# Requirement
The answer must be a single number: the count of lines in the data below that hold the word "inboundCargo".

# The data
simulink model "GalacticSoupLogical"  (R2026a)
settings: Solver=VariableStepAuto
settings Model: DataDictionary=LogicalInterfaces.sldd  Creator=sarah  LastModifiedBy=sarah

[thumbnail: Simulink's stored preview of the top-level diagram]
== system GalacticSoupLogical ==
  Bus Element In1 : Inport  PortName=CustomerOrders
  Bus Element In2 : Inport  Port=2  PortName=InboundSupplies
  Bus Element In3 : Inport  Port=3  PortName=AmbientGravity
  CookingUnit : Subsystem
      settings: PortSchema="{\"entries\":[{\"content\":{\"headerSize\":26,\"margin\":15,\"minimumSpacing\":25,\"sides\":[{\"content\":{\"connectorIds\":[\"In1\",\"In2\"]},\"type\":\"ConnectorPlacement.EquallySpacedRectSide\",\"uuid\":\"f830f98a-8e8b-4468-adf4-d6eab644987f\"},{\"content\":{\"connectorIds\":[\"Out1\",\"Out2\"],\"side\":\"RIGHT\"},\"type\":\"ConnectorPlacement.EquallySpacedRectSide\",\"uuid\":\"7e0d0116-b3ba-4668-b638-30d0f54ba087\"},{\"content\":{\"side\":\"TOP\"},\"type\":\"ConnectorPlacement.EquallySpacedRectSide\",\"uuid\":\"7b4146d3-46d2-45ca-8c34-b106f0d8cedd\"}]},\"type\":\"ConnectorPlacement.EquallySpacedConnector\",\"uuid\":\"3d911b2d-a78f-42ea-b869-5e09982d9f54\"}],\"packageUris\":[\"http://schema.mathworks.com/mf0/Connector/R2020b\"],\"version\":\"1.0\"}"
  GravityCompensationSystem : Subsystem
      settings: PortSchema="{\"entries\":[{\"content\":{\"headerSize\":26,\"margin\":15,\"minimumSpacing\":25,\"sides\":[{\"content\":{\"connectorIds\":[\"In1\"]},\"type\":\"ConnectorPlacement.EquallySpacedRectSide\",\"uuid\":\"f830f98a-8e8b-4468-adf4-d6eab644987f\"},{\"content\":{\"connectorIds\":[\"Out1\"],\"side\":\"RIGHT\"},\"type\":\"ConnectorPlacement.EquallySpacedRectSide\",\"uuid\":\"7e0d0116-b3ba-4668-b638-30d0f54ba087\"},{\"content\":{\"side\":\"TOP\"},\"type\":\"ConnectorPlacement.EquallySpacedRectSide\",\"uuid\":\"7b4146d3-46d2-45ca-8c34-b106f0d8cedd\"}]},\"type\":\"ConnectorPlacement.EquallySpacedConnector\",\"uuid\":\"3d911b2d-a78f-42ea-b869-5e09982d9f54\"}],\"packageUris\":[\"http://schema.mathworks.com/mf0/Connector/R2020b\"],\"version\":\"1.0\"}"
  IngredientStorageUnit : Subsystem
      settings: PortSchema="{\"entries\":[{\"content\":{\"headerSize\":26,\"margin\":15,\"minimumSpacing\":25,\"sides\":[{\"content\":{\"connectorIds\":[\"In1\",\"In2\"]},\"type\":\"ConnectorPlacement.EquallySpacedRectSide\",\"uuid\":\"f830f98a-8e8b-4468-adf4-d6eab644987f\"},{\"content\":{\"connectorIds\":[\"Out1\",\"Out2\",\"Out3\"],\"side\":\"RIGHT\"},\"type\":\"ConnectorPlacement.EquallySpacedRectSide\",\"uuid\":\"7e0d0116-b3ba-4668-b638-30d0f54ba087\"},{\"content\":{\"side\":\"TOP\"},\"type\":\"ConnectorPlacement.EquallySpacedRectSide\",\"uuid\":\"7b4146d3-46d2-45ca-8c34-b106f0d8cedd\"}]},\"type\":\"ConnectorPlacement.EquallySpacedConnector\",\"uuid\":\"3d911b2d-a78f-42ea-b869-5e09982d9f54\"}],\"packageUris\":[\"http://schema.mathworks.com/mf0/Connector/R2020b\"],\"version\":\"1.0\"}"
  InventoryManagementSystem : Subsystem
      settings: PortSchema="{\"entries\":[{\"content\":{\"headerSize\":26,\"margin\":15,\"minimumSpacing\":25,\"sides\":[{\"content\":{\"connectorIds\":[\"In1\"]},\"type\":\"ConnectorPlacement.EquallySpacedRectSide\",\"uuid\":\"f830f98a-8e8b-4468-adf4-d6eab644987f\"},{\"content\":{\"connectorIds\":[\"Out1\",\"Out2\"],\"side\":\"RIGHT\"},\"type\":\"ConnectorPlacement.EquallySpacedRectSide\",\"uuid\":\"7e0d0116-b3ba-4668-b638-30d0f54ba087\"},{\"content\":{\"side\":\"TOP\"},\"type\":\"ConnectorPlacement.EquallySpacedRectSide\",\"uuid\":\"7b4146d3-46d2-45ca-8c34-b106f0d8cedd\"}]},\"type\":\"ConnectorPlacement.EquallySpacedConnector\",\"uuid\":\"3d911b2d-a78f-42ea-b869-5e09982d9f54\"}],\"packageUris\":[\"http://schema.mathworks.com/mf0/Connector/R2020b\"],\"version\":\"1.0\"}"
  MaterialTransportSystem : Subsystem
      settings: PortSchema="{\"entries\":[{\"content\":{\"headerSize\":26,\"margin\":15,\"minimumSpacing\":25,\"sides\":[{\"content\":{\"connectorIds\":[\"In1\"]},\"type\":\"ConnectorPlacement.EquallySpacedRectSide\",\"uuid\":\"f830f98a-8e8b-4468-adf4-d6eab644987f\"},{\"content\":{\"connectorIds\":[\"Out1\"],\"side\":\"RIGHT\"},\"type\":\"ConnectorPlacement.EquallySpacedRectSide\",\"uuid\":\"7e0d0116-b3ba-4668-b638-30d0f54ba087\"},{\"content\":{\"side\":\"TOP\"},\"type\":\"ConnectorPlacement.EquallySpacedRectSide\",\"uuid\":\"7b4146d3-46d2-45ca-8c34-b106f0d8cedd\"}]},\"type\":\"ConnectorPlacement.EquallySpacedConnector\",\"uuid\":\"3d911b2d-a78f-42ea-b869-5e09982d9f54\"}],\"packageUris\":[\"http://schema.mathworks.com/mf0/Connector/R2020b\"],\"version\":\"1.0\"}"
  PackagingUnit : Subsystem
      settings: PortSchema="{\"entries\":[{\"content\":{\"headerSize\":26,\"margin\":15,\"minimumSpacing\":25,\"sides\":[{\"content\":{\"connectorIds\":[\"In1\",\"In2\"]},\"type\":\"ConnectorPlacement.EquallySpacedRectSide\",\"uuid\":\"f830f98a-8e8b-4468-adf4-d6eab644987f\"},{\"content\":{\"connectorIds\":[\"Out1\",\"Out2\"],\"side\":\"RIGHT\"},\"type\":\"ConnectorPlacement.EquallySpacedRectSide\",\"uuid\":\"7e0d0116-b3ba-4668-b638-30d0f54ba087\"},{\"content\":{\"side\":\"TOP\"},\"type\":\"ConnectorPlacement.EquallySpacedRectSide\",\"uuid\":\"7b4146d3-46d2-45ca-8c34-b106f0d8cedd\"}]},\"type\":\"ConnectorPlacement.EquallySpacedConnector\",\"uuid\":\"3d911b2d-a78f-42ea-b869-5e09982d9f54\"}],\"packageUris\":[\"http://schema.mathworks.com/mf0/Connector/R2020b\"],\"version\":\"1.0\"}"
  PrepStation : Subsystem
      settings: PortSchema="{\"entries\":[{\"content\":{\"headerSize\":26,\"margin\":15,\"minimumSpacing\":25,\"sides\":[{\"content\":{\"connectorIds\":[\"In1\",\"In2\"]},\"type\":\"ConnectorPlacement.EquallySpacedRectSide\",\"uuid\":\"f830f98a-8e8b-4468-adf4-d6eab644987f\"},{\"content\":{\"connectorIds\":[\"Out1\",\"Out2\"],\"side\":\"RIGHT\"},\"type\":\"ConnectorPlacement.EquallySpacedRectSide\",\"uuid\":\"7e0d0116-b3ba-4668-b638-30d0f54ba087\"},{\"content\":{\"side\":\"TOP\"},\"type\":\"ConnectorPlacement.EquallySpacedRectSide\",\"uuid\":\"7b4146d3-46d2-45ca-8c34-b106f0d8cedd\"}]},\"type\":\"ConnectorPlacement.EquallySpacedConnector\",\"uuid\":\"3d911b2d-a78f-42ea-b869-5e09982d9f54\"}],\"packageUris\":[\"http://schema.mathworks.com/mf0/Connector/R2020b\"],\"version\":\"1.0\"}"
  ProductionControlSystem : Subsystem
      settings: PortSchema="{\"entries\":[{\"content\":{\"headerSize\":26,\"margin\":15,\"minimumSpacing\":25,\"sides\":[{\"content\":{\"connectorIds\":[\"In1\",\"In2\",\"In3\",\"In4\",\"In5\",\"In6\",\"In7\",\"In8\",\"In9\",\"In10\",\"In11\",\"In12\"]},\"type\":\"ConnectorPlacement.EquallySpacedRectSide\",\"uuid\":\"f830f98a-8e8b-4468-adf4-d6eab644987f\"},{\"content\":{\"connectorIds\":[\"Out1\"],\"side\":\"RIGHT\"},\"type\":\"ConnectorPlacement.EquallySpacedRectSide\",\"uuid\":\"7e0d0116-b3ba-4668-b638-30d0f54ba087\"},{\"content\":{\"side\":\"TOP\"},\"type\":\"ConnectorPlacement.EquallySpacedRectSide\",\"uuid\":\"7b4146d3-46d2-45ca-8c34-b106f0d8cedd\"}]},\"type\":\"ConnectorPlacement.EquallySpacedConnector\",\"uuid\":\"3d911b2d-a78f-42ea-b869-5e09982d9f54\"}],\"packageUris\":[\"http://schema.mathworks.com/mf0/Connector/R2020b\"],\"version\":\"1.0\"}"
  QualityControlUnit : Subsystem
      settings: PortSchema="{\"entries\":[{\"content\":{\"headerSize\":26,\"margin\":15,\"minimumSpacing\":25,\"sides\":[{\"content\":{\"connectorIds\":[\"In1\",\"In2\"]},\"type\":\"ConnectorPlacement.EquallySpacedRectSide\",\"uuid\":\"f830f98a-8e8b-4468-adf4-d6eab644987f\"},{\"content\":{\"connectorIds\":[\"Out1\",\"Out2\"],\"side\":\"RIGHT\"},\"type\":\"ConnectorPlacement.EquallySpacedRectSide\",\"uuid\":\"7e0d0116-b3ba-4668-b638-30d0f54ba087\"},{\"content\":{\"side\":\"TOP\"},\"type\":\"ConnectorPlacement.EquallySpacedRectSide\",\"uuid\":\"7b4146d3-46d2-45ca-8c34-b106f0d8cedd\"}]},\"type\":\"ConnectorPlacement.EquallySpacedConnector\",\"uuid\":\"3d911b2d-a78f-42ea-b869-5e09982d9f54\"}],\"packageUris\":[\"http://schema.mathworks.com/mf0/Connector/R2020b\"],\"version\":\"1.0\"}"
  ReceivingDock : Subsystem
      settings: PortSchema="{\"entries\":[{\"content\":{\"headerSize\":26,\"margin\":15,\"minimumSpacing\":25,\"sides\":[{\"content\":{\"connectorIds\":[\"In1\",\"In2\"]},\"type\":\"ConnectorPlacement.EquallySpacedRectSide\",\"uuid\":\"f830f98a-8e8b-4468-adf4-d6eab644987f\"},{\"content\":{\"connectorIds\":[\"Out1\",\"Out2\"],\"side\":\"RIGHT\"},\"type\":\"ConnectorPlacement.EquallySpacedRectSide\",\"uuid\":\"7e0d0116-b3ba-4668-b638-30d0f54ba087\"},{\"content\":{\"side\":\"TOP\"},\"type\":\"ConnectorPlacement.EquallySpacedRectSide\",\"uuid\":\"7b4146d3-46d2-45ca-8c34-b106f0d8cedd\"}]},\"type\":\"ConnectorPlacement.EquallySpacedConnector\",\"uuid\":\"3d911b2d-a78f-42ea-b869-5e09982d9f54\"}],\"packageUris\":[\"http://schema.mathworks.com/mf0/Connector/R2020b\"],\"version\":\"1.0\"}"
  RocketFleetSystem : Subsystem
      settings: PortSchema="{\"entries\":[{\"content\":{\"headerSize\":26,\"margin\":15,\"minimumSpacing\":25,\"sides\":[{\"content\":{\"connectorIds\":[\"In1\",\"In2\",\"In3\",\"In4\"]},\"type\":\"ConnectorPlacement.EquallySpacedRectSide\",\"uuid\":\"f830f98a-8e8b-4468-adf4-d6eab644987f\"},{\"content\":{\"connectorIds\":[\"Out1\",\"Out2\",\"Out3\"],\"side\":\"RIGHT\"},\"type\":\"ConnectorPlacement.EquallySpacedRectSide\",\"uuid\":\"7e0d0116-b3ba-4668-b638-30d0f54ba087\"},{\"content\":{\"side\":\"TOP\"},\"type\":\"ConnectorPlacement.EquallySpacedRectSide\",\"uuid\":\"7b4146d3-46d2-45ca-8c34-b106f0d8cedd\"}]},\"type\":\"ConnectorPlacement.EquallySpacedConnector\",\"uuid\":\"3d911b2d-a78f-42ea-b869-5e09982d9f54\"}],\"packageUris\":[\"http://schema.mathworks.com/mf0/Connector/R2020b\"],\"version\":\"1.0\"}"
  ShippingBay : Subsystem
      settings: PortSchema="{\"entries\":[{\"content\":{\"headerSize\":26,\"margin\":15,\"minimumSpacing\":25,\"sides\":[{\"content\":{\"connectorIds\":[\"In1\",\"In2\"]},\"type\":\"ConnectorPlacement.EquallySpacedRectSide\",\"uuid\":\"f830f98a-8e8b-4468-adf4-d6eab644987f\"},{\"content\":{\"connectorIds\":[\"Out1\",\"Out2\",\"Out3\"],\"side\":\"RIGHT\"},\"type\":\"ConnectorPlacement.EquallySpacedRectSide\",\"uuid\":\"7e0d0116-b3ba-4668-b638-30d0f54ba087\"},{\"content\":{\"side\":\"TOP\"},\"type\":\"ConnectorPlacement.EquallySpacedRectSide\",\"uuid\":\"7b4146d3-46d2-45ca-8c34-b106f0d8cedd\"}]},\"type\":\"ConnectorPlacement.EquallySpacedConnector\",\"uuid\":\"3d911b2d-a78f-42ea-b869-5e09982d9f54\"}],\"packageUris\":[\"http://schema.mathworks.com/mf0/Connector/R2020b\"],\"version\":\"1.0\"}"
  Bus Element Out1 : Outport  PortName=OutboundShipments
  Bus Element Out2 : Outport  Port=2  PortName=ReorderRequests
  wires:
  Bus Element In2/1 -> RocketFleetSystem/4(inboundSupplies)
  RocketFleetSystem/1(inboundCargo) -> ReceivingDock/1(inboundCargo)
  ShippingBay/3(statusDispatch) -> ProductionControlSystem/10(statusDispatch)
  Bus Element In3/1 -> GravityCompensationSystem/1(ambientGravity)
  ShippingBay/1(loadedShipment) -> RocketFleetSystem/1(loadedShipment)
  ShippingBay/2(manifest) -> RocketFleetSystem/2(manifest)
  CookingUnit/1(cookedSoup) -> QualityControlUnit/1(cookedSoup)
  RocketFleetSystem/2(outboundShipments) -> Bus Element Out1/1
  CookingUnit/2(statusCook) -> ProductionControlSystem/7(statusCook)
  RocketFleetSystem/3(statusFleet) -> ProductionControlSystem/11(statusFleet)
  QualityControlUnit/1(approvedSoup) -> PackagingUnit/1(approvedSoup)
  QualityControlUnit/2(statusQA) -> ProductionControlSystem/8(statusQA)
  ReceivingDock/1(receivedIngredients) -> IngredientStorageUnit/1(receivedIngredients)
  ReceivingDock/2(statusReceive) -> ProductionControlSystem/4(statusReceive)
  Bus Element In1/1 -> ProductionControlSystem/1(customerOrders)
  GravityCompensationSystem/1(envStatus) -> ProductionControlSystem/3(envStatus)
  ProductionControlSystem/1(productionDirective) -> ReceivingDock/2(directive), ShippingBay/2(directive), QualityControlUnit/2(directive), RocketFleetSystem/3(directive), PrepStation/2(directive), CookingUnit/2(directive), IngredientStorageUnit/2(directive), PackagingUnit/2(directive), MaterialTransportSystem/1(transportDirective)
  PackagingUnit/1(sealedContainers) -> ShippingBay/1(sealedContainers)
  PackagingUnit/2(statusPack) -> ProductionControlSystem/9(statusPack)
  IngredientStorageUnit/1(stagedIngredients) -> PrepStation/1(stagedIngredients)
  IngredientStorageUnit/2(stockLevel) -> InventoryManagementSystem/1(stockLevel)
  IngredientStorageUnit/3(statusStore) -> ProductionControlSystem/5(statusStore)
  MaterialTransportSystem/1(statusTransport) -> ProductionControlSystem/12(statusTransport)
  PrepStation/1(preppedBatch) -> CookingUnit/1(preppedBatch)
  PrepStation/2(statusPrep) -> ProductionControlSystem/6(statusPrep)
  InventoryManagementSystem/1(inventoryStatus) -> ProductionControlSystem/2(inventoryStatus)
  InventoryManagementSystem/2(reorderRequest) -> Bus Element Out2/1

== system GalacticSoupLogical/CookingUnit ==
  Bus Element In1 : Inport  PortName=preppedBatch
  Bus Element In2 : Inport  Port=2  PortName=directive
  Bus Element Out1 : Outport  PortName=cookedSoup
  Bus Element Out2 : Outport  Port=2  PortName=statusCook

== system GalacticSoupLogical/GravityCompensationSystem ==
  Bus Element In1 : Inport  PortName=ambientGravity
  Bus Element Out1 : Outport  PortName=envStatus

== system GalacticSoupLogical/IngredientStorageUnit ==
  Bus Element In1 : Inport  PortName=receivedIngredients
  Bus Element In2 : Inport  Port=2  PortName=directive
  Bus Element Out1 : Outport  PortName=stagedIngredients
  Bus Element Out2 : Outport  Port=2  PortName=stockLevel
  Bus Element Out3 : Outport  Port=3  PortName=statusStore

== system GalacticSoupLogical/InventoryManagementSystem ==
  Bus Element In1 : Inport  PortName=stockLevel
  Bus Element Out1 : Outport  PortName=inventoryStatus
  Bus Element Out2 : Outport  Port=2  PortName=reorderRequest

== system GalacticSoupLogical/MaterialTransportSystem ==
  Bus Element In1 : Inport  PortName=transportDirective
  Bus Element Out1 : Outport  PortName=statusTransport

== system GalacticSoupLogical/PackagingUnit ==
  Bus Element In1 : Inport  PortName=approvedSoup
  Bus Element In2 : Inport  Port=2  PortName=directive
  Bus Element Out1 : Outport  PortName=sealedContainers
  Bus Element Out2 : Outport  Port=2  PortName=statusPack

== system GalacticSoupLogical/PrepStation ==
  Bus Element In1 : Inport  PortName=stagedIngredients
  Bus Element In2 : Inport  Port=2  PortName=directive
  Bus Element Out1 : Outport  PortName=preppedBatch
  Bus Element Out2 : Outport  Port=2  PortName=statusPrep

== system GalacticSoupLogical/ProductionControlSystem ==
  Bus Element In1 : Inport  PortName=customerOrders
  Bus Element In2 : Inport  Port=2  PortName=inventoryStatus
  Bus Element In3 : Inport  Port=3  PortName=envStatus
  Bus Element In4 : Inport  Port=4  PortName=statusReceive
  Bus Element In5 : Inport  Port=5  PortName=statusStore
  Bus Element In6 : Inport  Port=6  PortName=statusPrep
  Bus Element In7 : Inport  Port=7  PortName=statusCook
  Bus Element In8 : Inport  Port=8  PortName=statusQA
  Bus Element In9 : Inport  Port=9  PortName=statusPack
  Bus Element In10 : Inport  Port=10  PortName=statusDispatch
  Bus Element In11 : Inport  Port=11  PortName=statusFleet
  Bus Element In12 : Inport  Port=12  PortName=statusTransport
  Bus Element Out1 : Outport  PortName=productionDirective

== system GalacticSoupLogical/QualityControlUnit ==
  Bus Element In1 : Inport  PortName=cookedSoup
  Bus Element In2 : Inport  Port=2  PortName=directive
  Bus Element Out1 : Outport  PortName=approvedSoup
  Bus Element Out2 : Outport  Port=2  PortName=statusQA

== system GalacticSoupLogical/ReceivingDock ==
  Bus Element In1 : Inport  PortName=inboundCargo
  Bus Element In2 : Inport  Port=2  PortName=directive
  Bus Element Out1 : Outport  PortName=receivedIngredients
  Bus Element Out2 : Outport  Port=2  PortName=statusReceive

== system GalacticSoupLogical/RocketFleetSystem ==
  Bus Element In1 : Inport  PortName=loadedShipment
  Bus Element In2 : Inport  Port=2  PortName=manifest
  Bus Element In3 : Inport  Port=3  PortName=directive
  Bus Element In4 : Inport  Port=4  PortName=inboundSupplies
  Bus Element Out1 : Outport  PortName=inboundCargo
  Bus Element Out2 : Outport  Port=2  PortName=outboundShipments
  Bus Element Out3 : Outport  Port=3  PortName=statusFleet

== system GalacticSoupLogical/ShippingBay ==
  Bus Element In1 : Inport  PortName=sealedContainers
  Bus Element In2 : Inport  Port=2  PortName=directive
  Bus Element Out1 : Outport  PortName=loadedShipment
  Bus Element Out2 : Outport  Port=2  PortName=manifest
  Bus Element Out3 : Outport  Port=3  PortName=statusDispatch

# Answer space
3